For instance, it has been shown that phraseology is pervasive and highly frequent in language. Stubbs (2006, p. 24) indicates that Mel’čuk’ s (1998) estimates of a frequency of “ten times as many phrasal units as individual words” in language. Gries also shares this view. He succinctly explains how meaning depends on words co- relations:
(…) formal differences reflect, or correspond to, functional differences. Thus, different frequencies of (co-) occurrences of formal elements […] are assumed to reflect functional regularities, and ‘functional’ is understood here in a very broad
73
sense as anything – be it semantic, discourse-pragmatic, …- that is intended to perform a particular communicative function. (Gries, 2009, p.4)
In this vein, painstaking analysis of lexical items and inspection of recurrent structures in very large amounts of naturally occurring language evidence soon became a method largely adopted in a variety of studies. This is the case of many studies on academic language, as presented in Chapter 2, which use corpora for analysing multi- word units82 and their meaning, function or specialized use with regard to genre,
discipline, writing expertise and language proficiency variation.

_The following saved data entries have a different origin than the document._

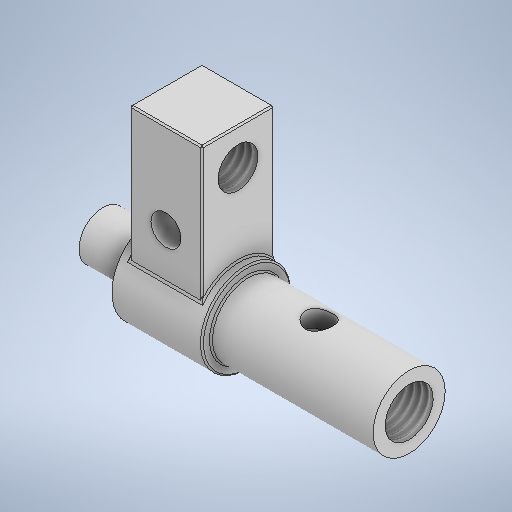
# Autodesk Inventor part: 135
Saved by Autodesk Inventor 2025.1 (Build 291241000, 241)
## iProperties
Created: 2024-08-05
Part Number: 135
Material: Generisch
Document SubType Name: Modeling
Designer: ffogue
Density: 1 g/cm^3
Appearance: Vorgabe
Author: ffogue
Autodesk Inventor part; units mm, degrees
ref_plane "YZ Plane" through (0, 0, 0) normal (1, 0, 0) x (0, 1, 0)
ref_plane "XZ Plane" through (0, 0, 0) normal (0, 1, 0) x (-1, 0, 0)
sketch "Sketch1" plane through (0, 0, 0) normal (0, 0, 1) x (1, 0, 0)
  line L0 (0, 0) -> (0, 7.5)
  line L1 (0, 7.5) -> (15, 7.5)
  line L2 (15, 7.5) -> (15, 6)
  line L3 (15, 6) -> (42, 6)
  line L4 (42, 6) -> (42, 0)
  line L5 (42, 0) -> (0, 0)
  line L6 (0, 4) -> (-9, 4)
  line L7 (-9, 4) -> (-9, 0)
  line L8 (-9, 0) -> (0, 0)
  dimension "d0" = 15
  dimension "d1" = 27
  dimension "d2" = 9
  dimension "d3" = 8
  dimension "d4" = 12
  dimension "d5" = 15
  constraints: 18 end point, 7 perpendicular, 1 horizontal, 1 point on line, 1 vertical
  measures "d0" distance of L0.end L1.end
  measures "d1" distance of L2.end L3.end
  measures "d2" distance of L6.start L6.end
  measures "d3" diameter of L6 L8
  measures "d4" diameter of L3 L5
  measures "d5" diameter of L1 L5
revolve "Revolution1" add sketch "Sketch1" angle 360 about axis through (-9, 0, 0) along (1, 0, 0)
ref_plane "Work Plane1" through (0, 0, 27) normal (0, 0, 1) x (1, 0, 0)
sketch "Sketch2" plane through (0, 0, 27) normal (0, 0, 1) x (1, 0, 0)
  line L0 (13.5, 6) -> (1.5, 6)
  line L1 (1.5, 6) -> (1.5, -6)
  line L2 (1.5, -6) -> (13.5, -6)
  line L3 (13.5, -6) -> (13.5, 6)
  line L4 (0, 7.5) -> (15, 7.5) projected
  point P0 (0, 0)
  point P1 (7.5, 6)
  point P2 (7.5, 7.5)
  point P3 (1.5, 0)
  dimension "d8" = 12
  dimension "d9" = 12
  constraints: 8 end point, 3 midpoint, 2 parallel, 1 horizontal, 1 horizontal alignment, 1 perpendicular, 1 vertical alignment
  measures "d8" distance between parallel lines of L2 L0
  measures "d9" distance between parallel lines of L1 L3
extrude "Extrusion1" add sketch "Sketch2" against normal up to surface round surface about axis through (7.5, 0, 0) along (1, 0, 0) radius 7.5 far side no
ref_plane "Work Plane2" through (0, 0, 6) normal (0, 0, 1) x (1, 0, 0)
sketch "Sketch3" plane through (0, 0, 6) normal (0, 0, 1) x (1, 0, 0)
  line L0 (42, -6) -> (42, 6) projected
  point P0 (0, 0)
  point P1 (27, 0)
  point P2 (42, 0)
  dimension "d13" = 15
  constraints: 1 horizontal alignment, 1 midpoint
  measures "d13" distance from line of L0 point (27, 0)
hole "Hole1" at (27, 0, 6) direction (0, 0, -1) diameter 4.5 end through all
sketch "Sketch4" plane through (13.5, -6, 27) normal (1, 0, 0) x (0, 0, -1)
  line L0 (0, 0) -> (0, 12) projected
  point P0 (27, 6)
  point P1 (6, 6)
  point P2 (0, 6)
  point P3 (0, 6)
  dimension "d28" = 6
  constraints: 2 midpoint, 1 horizontal alignment
  measures "d28" distance of point (0, 6) point (6, 6)
hole "Hole2" at (13.5, 0, 21) direction (-1, 0, 0) diameter 6.647 depth 8 thread size "M8x1.25" class "6H" standard "ISO Metric profile"
sketch "Sketch6" plane through (42, 0, 0) normal (1, 0, 0) x (0, 0, -1)
  circle A0 centre (0, 0) radius 6 projected
  constraints: 1 coincident
hole "Hole4" at (42, 0, 0) direction (-1, 0, 0) diameter 6.5 depth 27 counterbore diameter 8 counterbore depth 10
thread "Thread1" size "M8x1.25" class "6H" standard "ANSI Metric M Profile" length 10
sketch "Sketch8" plane through (-9, 0, 0) normal (-1, 0, 0) x (0, 0, 1)
  circle A0 centre (0, 0) radius 4 projected
  point P0 (0, 0)
  constraints: 1 coincident
hole "Hole5" at (-9, 0, 0) direction (1, 0, 0) diameter 4.5 depth 24
ref_plane "Work Plane5" through (0, 0, -7.5) normal (0, 0, 1) x (1, 0, 0)
sketch "Sketch10" plane through (0, 0, -7.5) normal (0, 0, 1) x (1, 0, 0)
  line L0 (0, -7.5) -> (0, 7.5) projected
  point P0 (0, 0)
  point P1 (7.5, 0)
  point P2 (0, 0)
  dimension "d56" = 7.5
  constraints: 1 horizontal alignment, 1 midpoint
  measures "d56" distance from line of L0 point (7.5, 0)
hole "Hole6" at (7.5, 0, -7.5) direction (0, 0, 1) diameter 2.5 depth 25
sketch "Sketch5" plane through (1.5, 6, 27) normal (0, 1, 0) x (1, 0, 0)
  line L0 (12, 0) -> (0, 0) projected
  line L1 (12, 9.3235) -> (12, 2.6765) projected
  point P0 (-1.5, 27)
  point P1 (6, 15)
  point P2 (6, 0)
  point P3 (12, 6)
  dimension "d36" = 9
  constraints: 2 midpoint, 1 vertical alignment
  measures "d36" vertical distance of point (6, 15) point (12, 6)
hole "Hole3" at (7.5, 6, 12) direction (0, -1, 0) diameter 5 end through all
chamfer "Chamfer1" distance 0.25 angle 45 10 edges at (13.5, 6, 15.75) (1.5, 6, 15.75) (7.5, 6, 4.5) (7.5, 6, 27) (1.5, 0, 27) (7.5, -6, 27) (13.5, 0, 27) (13.5, -6, 15.75) (1.5, -6, 15.75) (7.5, -6, 4.5)
chamfer "Chamfer2" distance 0.25 angle 45 2 edges at (15, -6, 0) (15, -7.5, 0)
chamfer "Chamfer3" distance 0.25 angle 45 6 edges at (1.5, 6.0742, 4.3994) (1.5, 0, 7.5) (1.5, -6.0742, 4.3994) (13.5, 6.0742, 4.3994) (13.5, 0, 7.5) (13.5, -6.0742, 4.3994)
equation "\"d9\" = d8"
body "Solid1"
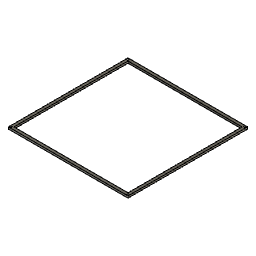
Front of Frame v5 (Autodesk Fusion 360 design; units mm, degrees)
Autodesk Fusion 360 part; units mm, degrees
sketch "Sketch1" plane through (0, 0, 0) normal (0, 0, 1) x (1, 0, 0)
  line L0 (-80, 75) -> (140, 75)
  line L1 (140, 75) -> (140, -145)
  line L2 (140, -145) -> (-80, -145)
  line L3 (-80, -145) -> (-80, 75)
  line L4 (-75, 70) -> (135, 70)
  line L5 (135, 70) -> (135, -140)
  line L6 (135, -140) -> (-75, -140)
  line L7 (-75, -140) -> (-75, 70)
  circle A0 centre (137.5, 72.5) radius 1.5
  circle A1 centre (137.5, -142.5) radius 1.5
  circle A2 centre (-77.5, -142.5) radius 1.5
  circle A3 centre (-77.5, 72.5) radius 1.5
  dimension "d1" = 220
  dimension "d2" = 220
  dimension "d3" = 5
  dimension "d4" = 5
  dimension "d5" = 5
  dimension "d6" = 5
  dimension "d7" = 3
  dimension "d8" = 3
  dimension "d9" = 3
  dimension "d10" = 3
  dimension "d11" = 2.5
  dimension "d12" = 2.5
  dimension "d13" = 2.5
  dimension "d14" = 2.5
  dimension "d15" = 2.5
  dimension "d16" = 2.5
  dimension "d17" = 2.5
  dimension "d18" = 2.5
  dimension "d19" = 210
  dimension "d20" = 210
  constraint horizontal L0
  constraint vertical L1
  constraint horizontal L2
  constraint vertical L3
  constraint horizontal L4
  constraint vertical L5
  constraint horizontal L6
  constraint vertical L7
  measures "d1" distance of L0.start L0.end
  measures "d2" distance of L0.start L2.end
  measures "d3" distance of L3 L7
  measures "d4" distance of L1 L5
  measures "d5" distance of L0 L4
  measures "d6" distance of L2 L6
  measures "d7" diameter of A0
  measures "d8" diameter of A1
  measures "d9" diameter of A2
  measures "d10" diameter of A3
  measures "d11" distance of L0 A3.centre
  measures "d12" distance of L3 A3.centre
  measures "d13" distance of L1 A0.centre
  measures "d14" distance of L0 A0.centre
  measures "d15" distance of L1 A1.centre
  measures "d16" distance of L2 A1.centre
  measures "d17" distance of L3 A2.centre
  measures "d18" distance of L2 A2.centre
  measures "d19" distance of L4.end L5.end
  measures "d20" distance of L4.start L4.end
extrude "Extrude1" add sketch "Sketch1" along normal blind 3.5

As can be seen, corpus linguistics has restored empirical research to a legitimate position within language studies. In consequence, corpora have been exponentially increasing not only in size – mega corpora, as it will be shown later, are reaching sizes of 20 billion words – but also in language coverage. While in the beginning of electronic corpora, the vast majority of them concerned the English language, popularization of access to corpus tools and language resources, due to exponential progress of language technology software and the increasing availability of Internet connections, has enabled corpus compilations of several additional languages, many of them with no, or very little, (electronic) lexicographic tradition, e.g. Mirandese, Yoruba, and other Portuguese varieties (from Mozambique and Cape Verde).
Accordingly, irrespective of the theoretical paradigm from which corpus-based research is undertaken, it can be argued that corpus linguistics today owes its fundamental characteristic to Sinclair’s ground-breaking demonstration of an unknown facet of the language: meaning derives from the relation that words maintain with other words.